Tradjenta is a prescription medication used along with diet and exercise to lower blood sugar in adults with type 2 diabetes, and can be used as monotherapy or in combination with other commonly prescribed medications for type 2 diabetes, such as metformin, sulfonylurea, pioglitazone or insulin. Tradjenta should not be used in patients with type 1 diabetes or for the treatment of diabetic ketoacidosis (increased ketones in the blood or urine).

The FDA's decision is based on data from a 52-week, phase III trial demonstrating the efficacy of Tradjenta in combination with insulin (with or without metformin and/or pioglitazone). The trial results showed adding Tradjenta to insulin produced better glucose control than insulin alone, with similar incidence of hypoglycemia (low blood sugar) in both treatment groups. Tradjenta belongs to a class of prescription medications called dipeptidyl peptidase-4 (DPP-4) inhibitors and is the first member of its class to be approved at one dosage strength (5 mg, once-daily).

Additionally, the FDA-approved label includes a clinical study in people with severe chronic renal impairment. Data from a 52-week, double-blind, randomized, placebo-controlled trial showed that use of TRADJENTA 5 mg plus other glucose-lowering therapies in this patient population provided a statistically significant improvement in glycated hemoglobin (HbA1c or A1C) as compared to placebo (placebo-adjusted reduction of 0.7 percent).

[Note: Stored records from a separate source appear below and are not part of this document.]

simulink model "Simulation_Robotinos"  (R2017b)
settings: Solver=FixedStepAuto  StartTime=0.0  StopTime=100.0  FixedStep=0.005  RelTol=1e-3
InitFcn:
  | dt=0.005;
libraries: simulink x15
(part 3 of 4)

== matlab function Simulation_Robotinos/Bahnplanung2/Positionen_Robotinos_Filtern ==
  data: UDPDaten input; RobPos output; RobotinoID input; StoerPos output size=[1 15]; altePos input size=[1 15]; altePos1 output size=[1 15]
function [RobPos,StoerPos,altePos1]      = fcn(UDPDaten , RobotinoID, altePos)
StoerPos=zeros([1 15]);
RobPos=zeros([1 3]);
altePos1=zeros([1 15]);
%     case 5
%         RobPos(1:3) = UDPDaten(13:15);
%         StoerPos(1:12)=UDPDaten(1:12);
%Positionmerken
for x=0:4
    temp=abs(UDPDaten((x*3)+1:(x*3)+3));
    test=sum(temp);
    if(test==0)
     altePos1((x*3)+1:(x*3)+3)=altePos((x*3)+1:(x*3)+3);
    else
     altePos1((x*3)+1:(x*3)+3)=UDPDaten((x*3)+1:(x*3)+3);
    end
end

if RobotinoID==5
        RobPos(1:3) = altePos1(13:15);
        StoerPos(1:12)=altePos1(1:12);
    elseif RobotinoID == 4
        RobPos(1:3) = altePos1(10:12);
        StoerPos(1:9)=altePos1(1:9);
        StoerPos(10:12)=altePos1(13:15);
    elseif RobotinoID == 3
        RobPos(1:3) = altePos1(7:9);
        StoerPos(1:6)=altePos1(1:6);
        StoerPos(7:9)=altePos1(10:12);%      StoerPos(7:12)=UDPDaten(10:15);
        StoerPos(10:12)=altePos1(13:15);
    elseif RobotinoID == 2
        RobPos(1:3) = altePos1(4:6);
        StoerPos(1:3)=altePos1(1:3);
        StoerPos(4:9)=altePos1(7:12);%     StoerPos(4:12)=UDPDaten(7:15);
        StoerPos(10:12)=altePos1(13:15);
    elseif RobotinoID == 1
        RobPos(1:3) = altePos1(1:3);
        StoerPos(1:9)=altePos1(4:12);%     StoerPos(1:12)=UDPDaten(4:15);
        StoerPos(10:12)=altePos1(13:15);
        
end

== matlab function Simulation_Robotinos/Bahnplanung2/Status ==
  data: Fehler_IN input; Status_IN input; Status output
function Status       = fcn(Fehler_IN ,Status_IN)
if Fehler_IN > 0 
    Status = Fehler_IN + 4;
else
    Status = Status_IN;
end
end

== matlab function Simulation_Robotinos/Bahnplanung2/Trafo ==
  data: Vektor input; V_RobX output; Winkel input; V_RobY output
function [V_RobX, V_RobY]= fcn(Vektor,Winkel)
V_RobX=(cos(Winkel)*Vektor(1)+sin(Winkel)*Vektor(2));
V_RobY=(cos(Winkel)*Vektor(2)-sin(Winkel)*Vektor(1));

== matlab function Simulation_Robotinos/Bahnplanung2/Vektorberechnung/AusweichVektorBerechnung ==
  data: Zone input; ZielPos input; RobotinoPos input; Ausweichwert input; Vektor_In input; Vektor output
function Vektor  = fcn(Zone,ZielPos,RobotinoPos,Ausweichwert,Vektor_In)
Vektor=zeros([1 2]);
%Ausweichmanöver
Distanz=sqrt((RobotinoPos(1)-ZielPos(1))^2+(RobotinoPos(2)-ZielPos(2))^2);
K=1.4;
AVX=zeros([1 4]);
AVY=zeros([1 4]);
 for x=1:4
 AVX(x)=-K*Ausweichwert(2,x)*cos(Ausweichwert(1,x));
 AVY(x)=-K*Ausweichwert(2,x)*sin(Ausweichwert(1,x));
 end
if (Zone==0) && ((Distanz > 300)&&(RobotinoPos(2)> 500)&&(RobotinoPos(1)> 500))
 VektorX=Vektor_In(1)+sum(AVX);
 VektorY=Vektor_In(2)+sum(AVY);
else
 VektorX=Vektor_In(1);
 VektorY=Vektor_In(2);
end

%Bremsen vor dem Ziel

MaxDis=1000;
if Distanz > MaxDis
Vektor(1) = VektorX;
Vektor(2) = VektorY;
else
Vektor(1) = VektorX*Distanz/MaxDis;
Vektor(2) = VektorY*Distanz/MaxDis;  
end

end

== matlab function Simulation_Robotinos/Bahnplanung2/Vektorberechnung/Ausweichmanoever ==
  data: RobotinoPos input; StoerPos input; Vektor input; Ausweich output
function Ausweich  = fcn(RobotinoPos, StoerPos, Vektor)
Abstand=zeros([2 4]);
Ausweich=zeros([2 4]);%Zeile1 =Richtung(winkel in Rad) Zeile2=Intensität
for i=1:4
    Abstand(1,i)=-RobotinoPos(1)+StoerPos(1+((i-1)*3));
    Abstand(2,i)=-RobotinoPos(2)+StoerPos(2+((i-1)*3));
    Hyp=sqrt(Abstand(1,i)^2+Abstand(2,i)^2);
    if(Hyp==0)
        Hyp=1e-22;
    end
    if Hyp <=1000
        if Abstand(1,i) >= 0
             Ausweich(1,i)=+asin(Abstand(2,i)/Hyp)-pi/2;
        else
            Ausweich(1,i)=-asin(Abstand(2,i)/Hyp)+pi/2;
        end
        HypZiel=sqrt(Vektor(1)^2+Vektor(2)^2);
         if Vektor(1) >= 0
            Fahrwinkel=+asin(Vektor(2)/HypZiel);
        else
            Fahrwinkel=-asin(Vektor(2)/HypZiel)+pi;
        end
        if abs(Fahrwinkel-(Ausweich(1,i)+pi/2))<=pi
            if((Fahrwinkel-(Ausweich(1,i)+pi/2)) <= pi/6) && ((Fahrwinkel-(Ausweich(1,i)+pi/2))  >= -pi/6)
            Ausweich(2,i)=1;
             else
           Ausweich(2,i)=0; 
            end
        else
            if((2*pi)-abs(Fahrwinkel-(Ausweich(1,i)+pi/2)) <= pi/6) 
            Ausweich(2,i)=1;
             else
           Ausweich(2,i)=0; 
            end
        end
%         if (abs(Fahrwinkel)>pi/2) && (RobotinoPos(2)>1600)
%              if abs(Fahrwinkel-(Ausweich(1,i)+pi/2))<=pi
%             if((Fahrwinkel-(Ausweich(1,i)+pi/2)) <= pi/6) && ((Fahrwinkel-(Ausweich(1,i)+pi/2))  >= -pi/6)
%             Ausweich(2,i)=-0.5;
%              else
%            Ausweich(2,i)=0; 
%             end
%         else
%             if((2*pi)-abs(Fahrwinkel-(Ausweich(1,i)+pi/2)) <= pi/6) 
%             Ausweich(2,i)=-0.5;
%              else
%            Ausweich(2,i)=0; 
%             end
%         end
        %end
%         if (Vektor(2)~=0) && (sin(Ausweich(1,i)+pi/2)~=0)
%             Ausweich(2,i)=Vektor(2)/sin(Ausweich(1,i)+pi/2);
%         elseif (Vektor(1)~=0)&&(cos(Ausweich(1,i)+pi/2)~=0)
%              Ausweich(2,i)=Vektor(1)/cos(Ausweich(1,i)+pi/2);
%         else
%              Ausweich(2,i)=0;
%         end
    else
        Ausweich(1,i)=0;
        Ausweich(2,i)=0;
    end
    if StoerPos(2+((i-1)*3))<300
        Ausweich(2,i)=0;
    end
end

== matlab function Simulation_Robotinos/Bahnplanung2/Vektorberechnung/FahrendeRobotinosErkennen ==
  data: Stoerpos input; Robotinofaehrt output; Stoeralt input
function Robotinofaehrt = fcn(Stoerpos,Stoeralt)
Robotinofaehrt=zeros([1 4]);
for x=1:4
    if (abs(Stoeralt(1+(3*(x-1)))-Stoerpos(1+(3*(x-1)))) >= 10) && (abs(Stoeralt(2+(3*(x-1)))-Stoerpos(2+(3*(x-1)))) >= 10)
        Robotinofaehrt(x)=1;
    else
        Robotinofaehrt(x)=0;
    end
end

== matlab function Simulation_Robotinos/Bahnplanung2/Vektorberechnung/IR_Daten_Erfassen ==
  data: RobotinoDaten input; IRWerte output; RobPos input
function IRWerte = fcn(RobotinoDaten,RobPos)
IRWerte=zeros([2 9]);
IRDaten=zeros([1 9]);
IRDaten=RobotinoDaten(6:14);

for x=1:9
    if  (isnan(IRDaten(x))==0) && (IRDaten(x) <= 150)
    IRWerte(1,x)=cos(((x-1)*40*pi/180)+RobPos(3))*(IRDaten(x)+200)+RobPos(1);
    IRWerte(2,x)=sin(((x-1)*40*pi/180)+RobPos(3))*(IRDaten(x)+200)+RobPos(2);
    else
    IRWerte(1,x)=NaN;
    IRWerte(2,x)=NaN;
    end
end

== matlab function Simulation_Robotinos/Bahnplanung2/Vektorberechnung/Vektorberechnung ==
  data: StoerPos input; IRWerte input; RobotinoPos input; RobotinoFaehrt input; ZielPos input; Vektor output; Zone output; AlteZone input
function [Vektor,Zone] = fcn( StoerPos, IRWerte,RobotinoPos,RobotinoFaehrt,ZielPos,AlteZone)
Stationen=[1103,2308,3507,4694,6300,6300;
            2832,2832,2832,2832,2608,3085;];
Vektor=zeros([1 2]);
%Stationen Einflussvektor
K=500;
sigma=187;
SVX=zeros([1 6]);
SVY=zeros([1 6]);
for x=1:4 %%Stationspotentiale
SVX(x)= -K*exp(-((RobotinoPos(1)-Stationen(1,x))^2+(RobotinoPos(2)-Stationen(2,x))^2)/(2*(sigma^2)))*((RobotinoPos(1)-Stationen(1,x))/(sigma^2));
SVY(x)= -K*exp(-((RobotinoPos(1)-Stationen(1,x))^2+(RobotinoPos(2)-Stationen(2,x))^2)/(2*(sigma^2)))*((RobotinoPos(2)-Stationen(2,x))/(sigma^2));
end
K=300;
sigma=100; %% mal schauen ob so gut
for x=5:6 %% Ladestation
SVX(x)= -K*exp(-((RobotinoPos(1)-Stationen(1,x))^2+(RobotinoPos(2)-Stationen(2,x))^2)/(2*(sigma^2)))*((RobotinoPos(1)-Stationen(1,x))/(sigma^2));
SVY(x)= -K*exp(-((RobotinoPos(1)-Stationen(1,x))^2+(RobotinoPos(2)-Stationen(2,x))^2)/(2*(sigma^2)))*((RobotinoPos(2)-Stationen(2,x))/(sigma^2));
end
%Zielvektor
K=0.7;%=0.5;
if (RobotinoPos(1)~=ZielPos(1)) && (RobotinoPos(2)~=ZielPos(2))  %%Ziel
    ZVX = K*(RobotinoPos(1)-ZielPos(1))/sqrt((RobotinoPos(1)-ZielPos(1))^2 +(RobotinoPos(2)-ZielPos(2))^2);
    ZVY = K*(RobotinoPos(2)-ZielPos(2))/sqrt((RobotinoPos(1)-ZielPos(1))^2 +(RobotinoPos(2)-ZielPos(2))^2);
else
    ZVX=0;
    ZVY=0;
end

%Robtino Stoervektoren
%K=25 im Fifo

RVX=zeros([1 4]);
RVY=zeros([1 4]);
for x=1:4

Dr John Smith, senior VP, clinical development and medical affairs, Boehringer Ingelheim, said that, "Many people with type 2 diabetes taking insulin also require additional medication. With today's FDA decision, Tradjenta can be an effective add-on therapy with a demonstrated safety profile to help adult patients on insulin to improve their blood sugar control. Tradjenta is the only once-daily, one-dose drug in its class without the need for dose adjustment regardless of declining renal function or hepatic impairment."